*Directions for this task*
Show the lines below where "edges" occurs.
:: Records
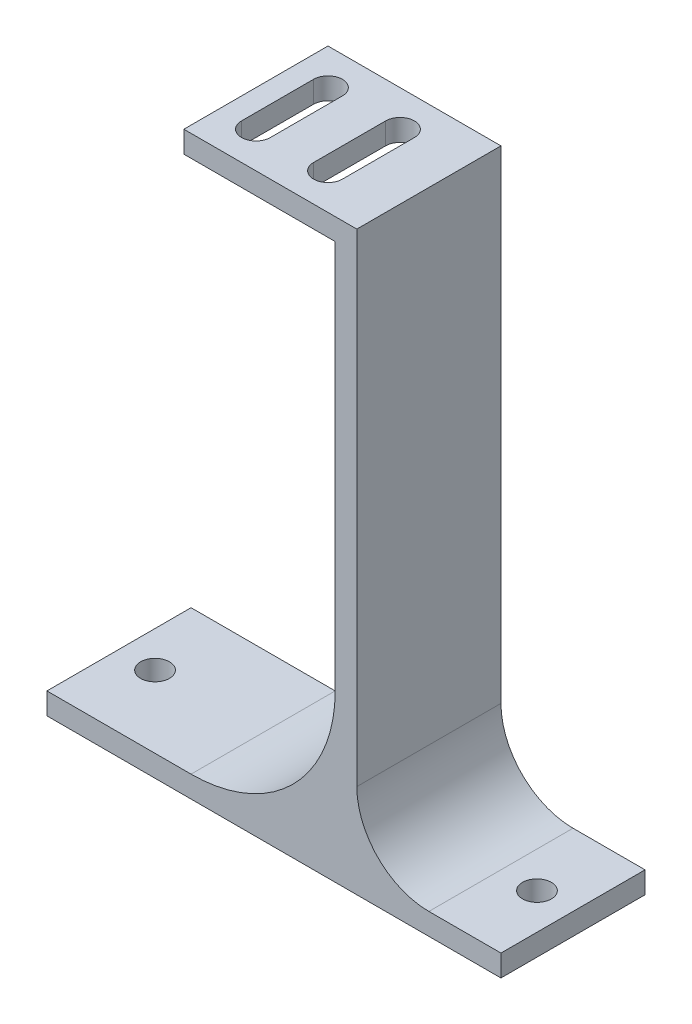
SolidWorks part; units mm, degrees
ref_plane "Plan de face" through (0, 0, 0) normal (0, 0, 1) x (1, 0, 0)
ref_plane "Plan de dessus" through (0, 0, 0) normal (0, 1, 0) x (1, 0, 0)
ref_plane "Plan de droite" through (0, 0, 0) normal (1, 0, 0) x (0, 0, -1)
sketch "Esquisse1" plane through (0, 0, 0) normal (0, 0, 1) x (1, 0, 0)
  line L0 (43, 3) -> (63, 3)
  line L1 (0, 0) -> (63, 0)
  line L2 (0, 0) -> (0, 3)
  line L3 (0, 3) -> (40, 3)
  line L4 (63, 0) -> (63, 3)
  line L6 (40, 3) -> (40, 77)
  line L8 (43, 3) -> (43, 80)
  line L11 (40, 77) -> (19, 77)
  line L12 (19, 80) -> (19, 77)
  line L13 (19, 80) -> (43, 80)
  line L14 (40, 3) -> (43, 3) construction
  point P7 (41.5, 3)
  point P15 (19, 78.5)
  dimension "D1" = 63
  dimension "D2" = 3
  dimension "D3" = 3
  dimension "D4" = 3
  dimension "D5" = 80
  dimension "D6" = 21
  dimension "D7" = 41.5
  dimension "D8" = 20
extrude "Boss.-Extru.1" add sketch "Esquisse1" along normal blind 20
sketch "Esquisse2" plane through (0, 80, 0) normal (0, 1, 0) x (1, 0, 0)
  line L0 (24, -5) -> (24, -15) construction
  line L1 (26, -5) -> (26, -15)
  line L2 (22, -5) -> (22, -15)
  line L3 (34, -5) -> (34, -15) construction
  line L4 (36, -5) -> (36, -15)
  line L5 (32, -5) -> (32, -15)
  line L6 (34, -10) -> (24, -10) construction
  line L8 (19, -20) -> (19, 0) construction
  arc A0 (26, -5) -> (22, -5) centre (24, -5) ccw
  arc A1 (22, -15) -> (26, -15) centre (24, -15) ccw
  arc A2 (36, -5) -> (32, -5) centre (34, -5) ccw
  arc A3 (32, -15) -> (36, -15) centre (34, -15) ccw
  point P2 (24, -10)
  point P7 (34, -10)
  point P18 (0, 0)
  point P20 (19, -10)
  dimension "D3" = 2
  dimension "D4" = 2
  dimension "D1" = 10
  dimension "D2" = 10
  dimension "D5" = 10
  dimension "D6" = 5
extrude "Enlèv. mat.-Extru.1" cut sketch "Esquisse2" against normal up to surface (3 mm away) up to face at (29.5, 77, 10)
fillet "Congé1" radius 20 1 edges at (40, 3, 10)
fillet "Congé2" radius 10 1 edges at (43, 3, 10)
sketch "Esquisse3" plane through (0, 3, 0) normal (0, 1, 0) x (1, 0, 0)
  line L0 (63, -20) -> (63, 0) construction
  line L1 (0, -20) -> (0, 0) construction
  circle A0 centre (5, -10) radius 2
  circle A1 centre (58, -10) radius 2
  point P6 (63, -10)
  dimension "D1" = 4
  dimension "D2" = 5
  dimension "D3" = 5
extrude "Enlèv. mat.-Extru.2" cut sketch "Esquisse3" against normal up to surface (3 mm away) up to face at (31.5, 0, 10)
::::
*Answer section*
fillet "Congé1" radius 20 1 edges at (40, 3, 10)
fillet "Congé2" radius 10 1 edges at (43, 3, 10)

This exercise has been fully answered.